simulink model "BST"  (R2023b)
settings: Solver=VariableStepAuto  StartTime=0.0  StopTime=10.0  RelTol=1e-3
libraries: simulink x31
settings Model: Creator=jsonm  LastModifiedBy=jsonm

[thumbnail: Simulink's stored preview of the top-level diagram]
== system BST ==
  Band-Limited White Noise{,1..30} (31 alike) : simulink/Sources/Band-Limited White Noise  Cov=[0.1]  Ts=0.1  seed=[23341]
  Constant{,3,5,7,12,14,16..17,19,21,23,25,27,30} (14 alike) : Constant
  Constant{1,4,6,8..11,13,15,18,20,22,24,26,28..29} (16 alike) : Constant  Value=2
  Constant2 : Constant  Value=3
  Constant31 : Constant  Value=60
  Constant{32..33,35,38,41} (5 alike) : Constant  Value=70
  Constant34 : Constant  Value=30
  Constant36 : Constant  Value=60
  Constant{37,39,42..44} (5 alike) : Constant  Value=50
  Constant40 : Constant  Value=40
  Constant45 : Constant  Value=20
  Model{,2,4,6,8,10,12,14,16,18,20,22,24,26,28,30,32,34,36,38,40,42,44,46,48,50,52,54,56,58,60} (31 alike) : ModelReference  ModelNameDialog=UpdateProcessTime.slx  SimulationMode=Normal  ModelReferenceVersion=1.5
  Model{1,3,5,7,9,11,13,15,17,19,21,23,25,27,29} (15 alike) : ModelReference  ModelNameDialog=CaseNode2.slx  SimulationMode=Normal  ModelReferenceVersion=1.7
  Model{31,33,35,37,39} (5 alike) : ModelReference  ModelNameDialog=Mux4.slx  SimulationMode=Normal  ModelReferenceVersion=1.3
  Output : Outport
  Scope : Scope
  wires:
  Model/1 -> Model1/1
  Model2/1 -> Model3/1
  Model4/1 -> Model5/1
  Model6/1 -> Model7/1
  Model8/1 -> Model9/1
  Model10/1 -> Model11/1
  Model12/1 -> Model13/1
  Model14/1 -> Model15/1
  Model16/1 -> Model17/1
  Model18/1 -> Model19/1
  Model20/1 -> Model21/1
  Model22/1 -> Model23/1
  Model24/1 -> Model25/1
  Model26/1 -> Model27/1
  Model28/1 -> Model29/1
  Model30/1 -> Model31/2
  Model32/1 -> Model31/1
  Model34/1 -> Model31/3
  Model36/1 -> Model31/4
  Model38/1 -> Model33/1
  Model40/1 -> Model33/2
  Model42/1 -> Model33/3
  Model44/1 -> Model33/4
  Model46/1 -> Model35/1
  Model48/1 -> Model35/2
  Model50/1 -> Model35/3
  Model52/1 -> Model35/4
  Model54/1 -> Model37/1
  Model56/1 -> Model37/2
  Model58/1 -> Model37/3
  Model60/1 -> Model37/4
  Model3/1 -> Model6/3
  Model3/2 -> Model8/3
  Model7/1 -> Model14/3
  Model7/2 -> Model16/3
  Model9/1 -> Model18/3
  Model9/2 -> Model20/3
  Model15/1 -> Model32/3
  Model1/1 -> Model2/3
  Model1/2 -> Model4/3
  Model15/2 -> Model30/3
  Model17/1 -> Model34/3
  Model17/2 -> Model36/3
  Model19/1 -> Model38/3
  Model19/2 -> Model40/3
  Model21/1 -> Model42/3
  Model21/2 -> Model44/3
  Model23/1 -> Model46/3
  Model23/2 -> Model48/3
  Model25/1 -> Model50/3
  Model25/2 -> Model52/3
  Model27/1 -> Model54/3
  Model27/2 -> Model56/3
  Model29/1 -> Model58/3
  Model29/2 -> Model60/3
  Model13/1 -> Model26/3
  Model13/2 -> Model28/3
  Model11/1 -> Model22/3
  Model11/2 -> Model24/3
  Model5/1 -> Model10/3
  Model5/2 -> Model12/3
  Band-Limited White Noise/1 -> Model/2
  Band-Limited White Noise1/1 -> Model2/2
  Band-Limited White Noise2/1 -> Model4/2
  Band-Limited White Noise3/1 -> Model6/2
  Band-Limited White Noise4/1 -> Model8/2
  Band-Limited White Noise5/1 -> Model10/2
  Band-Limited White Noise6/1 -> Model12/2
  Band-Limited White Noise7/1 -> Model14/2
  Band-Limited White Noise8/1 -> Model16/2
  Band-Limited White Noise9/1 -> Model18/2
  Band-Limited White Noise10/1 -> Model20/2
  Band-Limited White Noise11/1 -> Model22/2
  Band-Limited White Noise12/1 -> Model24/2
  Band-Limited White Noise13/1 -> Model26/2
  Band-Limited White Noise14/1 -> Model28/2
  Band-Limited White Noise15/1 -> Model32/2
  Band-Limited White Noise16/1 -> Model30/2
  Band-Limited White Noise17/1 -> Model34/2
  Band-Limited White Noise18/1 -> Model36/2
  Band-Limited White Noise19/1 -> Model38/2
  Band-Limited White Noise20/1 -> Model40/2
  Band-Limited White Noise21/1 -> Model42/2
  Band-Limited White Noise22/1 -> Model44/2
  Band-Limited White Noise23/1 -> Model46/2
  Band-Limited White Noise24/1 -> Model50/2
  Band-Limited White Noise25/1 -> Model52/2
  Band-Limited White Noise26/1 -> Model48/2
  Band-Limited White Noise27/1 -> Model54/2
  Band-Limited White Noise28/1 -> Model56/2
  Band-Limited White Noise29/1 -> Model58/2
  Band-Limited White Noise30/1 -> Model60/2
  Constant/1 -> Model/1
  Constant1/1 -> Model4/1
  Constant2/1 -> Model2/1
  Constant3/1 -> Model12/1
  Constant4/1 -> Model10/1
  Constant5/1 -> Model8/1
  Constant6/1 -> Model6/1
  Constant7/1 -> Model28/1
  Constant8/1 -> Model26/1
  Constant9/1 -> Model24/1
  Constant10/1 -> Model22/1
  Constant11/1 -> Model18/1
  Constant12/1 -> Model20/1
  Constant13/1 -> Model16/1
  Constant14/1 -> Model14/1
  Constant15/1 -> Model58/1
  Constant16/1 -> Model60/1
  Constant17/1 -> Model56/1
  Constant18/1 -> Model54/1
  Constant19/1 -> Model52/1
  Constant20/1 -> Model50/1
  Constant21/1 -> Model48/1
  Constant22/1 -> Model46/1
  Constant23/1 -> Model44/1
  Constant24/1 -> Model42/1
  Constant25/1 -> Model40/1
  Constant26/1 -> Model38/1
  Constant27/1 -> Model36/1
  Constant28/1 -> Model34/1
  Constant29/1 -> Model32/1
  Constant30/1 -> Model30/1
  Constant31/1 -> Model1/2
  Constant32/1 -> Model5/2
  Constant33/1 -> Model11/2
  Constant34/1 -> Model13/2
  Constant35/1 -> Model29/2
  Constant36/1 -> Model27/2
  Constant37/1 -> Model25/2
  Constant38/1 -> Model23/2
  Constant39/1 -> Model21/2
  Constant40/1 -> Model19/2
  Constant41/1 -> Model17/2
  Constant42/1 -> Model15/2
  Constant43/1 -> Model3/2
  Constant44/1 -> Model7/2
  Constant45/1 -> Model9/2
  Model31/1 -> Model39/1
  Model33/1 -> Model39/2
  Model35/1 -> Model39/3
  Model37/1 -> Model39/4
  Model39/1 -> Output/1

----

> [Task objective] Every entry should be given again exactly as written.

> [Task answer]
simulink model "BST"  (R2023b)
settings: Solver=VariableStepAuto  StartTime=0.0  StopTime=10.0  RelTol=1e-3
libraries: simulink x31
settings Model: Creator=jsonm  LastModifiedBy=jsonm

[thumbnail: Simulink's stored preview of the top-level diagram]
== system BST ==
  Band-Limited White Noise{,1..30} (31 alike) : simulink/Sources/Band-Limited White Noise  Cov=[0.1]  Ts=0.1  seed=[23341]
  Constant{,3,5,7,12,14,16..17,19,21,23,25,27,30} (14 alike) : Constant
  Constant{1,4,6,8..11,13,15,18,20,22,24,26,28..29} (16 alike) : Constant  Value=2
  Constant2 : Constant  Value=3
  Constant31 : Constant  Value=60
  Constant{32..33,35,38,41} (5 alike) : Constant  Value=70
  Constant34 : Constant  Value=30
  Constant36 : Constant  Value=60
  Constant{37,39,42..44} (5 alike) : Constant  Value=50
  Constant40 : Constant  Value=40
  Constant45 : Constant  Value=20
  Model{,2,4,6,8,10,12,14,16,18,20,22,24,26,28,30,32,34,36,38,40,42,44,46,48,50,52,54,56,58,60} (31 alike) : ModelReference  ModelNameDialog=UpdateProcessTime.slx  SimulationMode=Normal  ModelReferenceVersion=1.5
  Model{1,3,5,7,9,11,13,15,17,19,21,23,25,27,29} (15 alike) : ModelReference  ModelNameDialog=CaseNode2.slx  SimulationMode=Normal  ModelReferenceVersion=1.7
  Model{31,33,35,37,39} (5 alike) : ModelReference  ModelNameDialog=Mux4.slx  SimulationMode=Normal  ModelReferenceVersion=1.3
  Output : Outport
  Scope : Scope
  wires:
  Model/1 -> Model1/1
  Model2/1 -> Model3/1
  Model4/1 -> Model5/1
  Model6/1 -> Model7/1
  Model8/1 -> Model9/1
  Model10/1 -> Model11/1
  Model12/1 -> Model13/1
  Model14/1 -> Model15/1
  Model16/1 -> Model17/1
  Model18/1 -> Model19/1
  Model20/1 -> Model21/1
  Model22/1 -> Model23/1
  Model24/1 -> Model25/1
  Model26/1 -> Model27/1
  Model28/1 -> Model29/1
  Model30/1 -> Model31/2
  Model32/1 -> Model31/1
  Model34/1 -> Model31/3
  Model36/1 -> Model31/4
  Model38/1 -> Model33/1
  Model40/1 -> Model33/2
  Model42/1 -> Model33/3
  Model44/1 -> Model33/4
  Model46/1 -> Model35/1
  Model48/1 -> Model35/2
  Model50/1 -> Model35/3
  Model52/1 -> Model35/4
  Model54/1 -> Model37/1
  Model56/1 -> Model37/2
  Model58/1 -> Model37/3
  Model60/1 -> Model37/4
  Model3/1 -> Model6/3
  Model3/2 -> Model8/3
  Model7/1 -> Model14/3
  Model7/2 -> Model16/3
  Model9/1 -> Model18/3
  Model9/2 -> Model20/3
  Model15/1 -> Model32/3
  Model1/1 -> Model2/3
  Model1/2 -> Model4/3
  Model15/2 -> Model30/3
  Model17/1 -> Model34/3
  Model17/2 -> Model36/3
  Model19/1 -> Model38/3
  Model19/2 -> Model40/3
  Model21/1 -> Model42/3
  Model21/2 -> Model44/3
  Model23/1 -> Model46/3
  Model23/2 -> Model48/3
  Model25/1 -> Model50/3
  Model25/2 -> Model52/3
  Model27/1 -> Model54/3
  Model27/2 -> Model56/3
  Model29/1 -> Model58/3
  Model29/2 -> Model60/3
  Model13/1 -> Model26/3
  Model13/2 -> Model28/3
  Model11/1 -> Model22/3
  Model11/2 -> Model24/3
  Model5/1 -> Model10/3
  Model5/2 -> Model12/3
  Band-Limited White Noise/1 -> Model/2
  Band-Limited White Noise1/1 -> Model2/2
  Band-Limited White Noise2/1 -> Model4/2
  Band-Limited White Noise3/1 -> Model6/2
  Band-Limited White Noise4/1 -> Model8/2
  Band-Limited White Noise5/1 -> Model10/2
  Band-Limited White Noise6/1 -> Model12/2
  Band-Limited White Noise7/1 -> Model14/2
  Band-Limited White Noise8/1 -> Model16/2
  Band-Limited White Noise9/1 -> Model18/2
  Band-Limited White Noise10/1 -> Model20/2
  Band-Limited White Noise11/1 -> Model22/2
  Band-Limited White Noise12/1 -> Model24/2
  Band-Limited White Noise13/1 -> Model26/2
  Band-Limited White Noise14/1 -> Model28/2
  Band-Limited White Noise15/1 -> Model32/2
  Band-Limited White Noise16/1 -> Model30/2
  Band-Limited White Noise17/1 -> Model34/2
  Band-Limited White Noise18/1 -> Model36/2
  Band-Limited White Noise19/1 -> Model38/2
  Band-Limited White Noise20/1 -> Model40/2
  Band-Limited White Noise21/1 -> Model42/2
  Band-Limited White Noise22/1 -> Model44/2
  Band-Limited White Noise23/1 -> Model46/2
  Band-Limited White Noise24/1 -> Model50/2
  Band-Limited White Noise25/1 -> Model52/2
  Band-Limited White Noise26/1 -> Model48/2
  Band-Limited White Noise27/1 -> Model54/2
  Band-Limited White Noise28/1 -> Model56/2
  Band-Limited White Noise29/1 -> Model58/2
  Band-Limited White Noise30/1 -> Model60/2
  Constant/1 -> Model/1
  Constant1/1 -> Model4/1
  Constant2/1 -> Model2/1
  Constant3/1 -> Model12/1
  Constant4/1 -> Model10/1
  Constant5/1 -> Model8/1
  Constant6/1 -> Model6/1
  Constant7/1 -> Model28/1
  Constant8/1 -> Model26/1
  Constant9/1 -> Model24/1
  Constant10/1 -> Model22/1
  Constant11/1 -> Model18/1
  Constant12/1 -> Model20/1
  Constant13/1 -> Model16/1
  Constant14/1 -> Model14/1
  Constant15/1 -> Model58/1
  Constant16/1 -> Model60/1
  Constant17/1 -> Model56/1
  Constant18/1 -> Model54/1
  Constant19/1 -> Model52/1
  Constant20/1 -> Model50/1
  Constant21/1 -> Model48/1
  Constant22/1 -> Model46/1
  Constant23/1 -> Model44/1
  Constant24/1 -> Model42/1
  Constant25/1 -> Model40/1
  Constant26/1 -> Model38/1
  Constant27/1 -> Model36/1
  Constant28/1 -> Model34/1
  Constant29/1 -> Model32/1
  Constant30/1 -> Model30/1
  Constant31/1 -> Model1/2
  Constant32/1 -> Model5/2
  Constant33/1 -> Model11/2
  Constant34/1 -> Model13/2
  Constant35/1 -> Model29/2
  Constant36/1 -> Model27/2
  Constant37/1 -> Model25/2
  Constant38/1 -> Model23/2
  Constant39/1 -> Model21/2
  Constant40/1 -> Model19/2
  Constant41/1 -> Model17/2
  Constant42/1 -> Model15/2
  Constant43/1 -> Model3/2
  Constant44/1 -> Model7/2
  Constant45/1 -> Model9/2
  Model31/1 -> Model39/1
  Model33/1 -> Model39/2
  Model35/1 -> Model39/3
  Model37/1 -> Model39/4
  Model39/1 -> Output/1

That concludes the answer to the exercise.